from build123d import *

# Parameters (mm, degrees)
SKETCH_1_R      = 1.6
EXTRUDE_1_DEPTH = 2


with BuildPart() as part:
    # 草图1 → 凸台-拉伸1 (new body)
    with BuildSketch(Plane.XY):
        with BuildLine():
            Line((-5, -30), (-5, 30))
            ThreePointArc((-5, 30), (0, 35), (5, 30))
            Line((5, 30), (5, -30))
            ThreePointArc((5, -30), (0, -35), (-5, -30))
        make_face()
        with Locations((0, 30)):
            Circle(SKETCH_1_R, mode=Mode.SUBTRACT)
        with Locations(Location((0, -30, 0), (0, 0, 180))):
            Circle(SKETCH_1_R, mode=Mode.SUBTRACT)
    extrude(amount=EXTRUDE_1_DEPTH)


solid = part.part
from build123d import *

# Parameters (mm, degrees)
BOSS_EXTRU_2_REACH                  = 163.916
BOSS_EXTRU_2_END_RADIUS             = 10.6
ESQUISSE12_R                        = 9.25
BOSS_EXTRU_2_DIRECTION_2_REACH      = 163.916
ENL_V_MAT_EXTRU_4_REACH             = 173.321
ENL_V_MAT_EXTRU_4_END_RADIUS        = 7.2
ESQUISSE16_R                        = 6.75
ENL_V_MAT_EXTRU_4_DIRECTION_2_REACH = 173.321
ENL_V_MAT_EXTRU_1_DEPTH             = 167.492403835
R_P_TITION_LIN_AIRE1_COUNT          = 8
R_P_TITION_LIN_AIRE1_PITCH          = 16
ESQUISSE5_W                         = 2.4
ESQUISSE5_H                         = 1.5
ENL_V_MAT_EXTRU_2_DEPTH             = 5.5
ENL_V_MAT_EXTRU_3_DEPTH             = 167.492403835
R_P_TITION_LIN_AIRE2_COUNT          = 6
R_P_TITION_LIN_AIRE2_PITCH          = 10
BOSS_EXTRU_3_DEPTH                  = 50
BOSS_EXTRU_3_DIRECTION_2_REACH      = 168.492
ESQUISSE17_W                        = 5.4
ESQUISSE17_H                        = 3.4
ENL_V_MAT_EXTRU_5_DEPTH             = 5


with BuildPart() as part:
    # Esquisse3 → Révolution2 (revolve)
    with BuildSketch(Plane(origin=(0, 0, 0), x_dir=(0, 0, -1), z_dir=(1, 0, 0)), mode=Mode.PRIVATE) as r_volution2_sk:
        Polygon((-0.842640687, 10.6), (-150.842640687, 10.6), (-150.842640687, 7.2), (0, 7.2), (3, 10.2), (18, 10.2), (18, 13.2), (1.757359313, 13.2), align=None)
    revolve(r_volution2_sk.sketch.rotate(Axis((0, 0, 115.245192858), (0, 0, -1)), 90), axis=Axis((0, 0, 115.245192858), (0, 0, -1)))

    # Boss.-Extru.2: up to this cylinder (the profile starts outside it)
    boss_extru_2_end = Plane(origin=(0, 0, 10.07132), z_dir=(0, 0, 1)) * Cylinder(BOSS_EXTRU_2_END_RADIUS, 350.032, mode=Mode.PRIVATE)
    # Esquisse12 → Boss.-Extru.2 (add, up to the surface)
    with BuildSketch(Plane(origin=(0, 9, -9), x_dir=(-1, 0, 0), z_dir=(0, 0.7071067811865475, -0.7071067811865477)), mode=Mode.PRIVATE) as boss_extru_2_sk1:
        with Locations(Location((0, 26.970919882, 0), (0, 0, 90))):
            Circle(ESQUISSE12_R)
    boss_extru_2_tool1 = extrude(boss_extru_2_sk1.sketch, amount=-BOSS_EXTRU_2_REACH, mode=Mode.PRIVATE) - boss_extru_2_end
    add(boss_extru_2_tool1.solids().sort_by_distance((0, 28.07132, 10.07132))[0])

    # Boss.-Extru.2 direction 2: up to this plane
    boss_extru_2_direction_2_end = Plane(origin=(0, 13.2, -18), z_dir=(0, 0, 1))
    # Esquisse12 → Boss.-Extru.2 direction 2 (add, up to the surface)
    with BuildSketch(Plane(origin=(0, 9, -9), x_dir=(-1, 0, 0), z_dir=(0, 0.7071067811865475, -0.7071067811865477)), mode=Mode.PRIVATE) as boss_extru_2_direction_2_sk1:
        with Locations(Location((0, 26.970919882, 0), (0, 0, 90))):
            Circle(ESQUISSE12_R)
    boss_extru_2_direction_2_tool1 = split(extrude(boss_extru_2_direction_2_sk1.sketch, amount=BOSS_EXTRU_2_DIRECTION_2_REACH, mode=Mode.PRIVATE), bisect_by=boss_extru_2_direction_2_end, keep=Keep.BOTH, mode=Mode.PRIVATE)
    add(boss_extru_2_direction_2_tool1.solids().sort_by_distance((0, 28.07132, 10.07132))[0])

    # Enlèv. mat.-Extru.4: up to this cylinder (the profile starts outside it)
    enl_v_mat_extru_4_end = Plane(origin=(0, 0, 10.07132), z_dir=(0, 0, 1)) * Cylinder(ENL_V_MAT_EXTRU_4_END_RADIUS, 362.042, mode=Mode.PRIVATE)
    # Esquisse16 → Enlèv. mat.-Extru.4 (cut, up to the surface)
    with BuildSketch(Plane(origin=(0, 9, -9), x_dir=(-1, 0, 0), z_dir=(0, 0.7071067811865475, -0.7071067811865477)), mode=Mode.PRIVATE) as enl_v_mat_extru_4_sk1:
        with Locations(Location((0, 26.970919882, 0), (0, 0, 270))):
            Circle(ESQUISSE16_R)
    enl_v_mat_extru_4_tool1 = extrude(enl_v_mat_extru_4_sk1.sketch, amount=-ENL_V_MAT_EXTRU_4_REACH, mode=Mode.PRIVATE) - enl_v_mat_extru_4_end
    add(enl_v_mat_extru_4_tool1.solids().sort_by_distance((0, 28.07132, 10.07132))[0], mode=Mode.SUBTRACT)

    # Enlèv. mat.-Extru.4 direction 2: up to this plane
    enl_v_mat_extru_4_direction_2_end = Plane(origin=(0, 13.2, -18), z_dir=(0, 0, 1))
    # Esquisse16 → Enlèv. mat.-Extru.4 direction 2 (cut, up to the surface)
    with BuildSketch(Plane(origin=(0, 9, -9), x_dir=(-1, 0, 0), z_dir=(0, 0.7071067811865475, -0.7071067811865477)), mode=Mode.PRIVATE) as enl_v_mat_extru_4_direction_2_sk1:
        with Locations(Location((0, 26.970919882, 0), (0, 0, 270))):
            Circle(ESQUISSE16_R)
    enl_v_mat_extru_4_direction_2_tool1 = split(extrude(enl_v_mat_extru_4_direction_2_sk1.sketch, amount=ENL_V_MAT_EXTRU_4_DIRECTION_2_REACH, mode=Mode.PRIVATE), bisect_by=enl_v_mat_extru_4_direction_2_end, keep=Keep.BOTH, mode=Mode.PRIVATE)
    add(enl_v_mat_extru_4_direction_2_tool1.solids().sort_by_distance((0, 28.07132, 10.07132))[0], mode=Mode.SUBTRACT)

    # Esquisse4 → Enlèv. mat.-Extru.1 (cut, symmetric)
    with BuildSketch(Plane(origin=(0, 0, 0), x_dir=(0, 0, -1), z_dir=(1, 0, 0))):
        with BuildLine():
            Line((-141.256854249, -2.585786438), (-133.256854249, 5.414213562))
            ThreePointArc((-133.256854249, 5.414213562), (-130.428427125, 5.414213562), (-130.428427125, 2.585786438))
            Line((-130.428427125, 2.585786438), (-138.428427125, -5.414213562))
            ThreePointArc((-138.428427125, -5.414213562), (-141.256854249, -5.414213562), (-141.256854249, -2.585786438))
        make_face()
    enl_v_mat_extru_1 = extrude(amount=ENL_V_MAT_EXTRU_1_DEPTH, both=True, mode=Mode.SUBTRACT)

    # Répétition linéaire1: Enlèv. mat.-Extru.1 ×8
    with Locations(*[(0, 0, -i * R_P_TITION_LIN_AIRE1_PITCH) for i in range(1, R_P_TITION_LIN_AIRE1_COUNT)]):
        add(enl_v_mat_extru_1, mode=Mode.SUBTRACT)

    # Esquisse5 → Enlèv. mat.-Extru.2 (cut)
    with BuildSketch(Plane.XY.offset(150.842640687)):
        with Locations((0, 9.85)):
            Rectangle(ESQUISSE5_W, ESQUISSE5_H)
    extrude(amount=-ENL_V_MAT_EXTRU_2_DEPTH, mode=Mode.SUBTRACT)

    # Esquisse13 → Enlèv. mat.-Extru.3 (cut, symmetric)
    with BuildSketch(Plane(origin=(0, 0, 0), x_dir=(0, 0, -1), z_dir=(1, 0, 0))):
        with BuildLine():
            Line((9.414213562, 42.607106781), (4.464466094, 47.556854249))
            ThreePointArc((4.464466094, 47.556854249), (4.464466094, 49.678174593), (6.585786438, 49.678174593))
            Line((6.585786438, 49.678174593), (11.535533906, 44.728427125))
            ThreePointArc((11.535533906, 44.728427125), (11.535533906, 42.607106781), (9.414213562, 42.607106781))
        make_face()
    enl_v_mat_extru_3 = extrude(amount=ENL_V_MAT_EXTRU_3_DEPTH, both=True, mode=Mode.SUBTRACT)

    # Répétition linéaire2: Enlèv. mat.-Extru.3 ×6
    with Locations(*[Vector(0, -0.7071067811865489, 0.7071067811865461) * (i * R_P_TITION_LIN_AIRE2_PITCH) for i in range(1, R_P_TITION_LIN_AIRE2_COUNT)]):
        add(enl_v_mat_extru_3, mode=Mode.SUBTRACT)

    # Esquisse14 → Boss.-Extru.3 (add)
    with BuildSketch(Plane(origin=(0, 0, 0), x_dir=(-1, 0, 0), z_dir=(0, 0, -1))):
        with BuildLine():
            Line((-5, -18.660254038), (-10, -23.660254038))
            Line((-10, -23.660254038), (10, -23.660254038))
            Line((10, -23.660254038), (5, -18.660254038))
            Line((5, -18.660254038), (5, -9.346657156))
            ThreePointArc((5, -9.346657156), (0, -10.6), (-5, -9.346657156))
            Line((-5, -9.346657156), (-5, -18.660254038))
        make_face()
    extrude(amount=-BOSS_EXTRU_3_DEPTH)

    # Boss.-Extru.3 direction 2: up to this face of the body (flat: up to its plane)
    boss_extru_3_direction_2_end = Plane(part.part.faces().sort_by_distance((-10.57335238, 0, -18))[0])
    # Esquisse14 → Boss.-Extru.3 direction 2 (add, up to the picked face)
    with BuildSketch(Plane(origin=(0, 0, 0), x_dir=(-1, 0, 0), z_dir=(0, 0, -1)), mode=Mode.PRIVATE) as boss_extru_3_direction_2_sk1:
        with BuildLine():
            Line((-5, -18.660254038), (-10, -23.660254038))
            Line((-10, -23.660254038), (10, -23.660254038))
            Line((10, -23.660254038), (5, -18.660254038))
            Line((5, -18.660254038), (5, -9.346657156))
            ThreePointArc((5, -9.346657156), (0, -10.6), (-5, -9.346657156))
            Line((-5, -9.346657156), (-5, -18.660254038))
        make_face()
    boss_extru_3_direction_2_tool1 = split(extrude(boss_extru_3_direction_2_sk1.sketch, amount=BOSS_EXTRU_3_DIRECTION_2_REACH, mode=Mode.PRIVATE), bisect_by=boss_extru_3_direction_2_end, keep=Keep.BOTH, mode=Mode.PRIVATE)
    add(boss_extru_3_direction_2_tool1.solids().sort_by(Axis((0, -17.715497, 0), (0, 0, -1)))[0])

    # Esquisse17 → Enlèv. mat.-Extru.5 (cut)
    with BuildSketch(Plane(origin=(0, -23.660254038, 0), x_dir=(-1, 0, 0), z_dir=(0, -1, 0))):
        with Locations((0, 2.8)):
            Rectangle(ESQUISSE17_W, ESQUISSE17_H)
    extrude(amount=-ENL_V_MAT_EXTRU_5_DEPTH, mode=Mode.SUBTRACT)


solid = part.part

## WORK ITEM
Whenever the string "this" shows up on a line of the listing, copy that line.

## TASK RESPONSE
    # Boss.-Extru.2: up to this cylinder (the profile starts outside it)
    # Boss.-Extru.2 direction 2: up to this plane
    # Enlèv. mat.-Extru.4: up to this cylinder (the profile starts outside it)
    # Enlèv. mat.-Extru.4 direction 2: up to this plane
    # Boss.-Extru.3 direction 2: up to this face of the body (flat: up to its plane)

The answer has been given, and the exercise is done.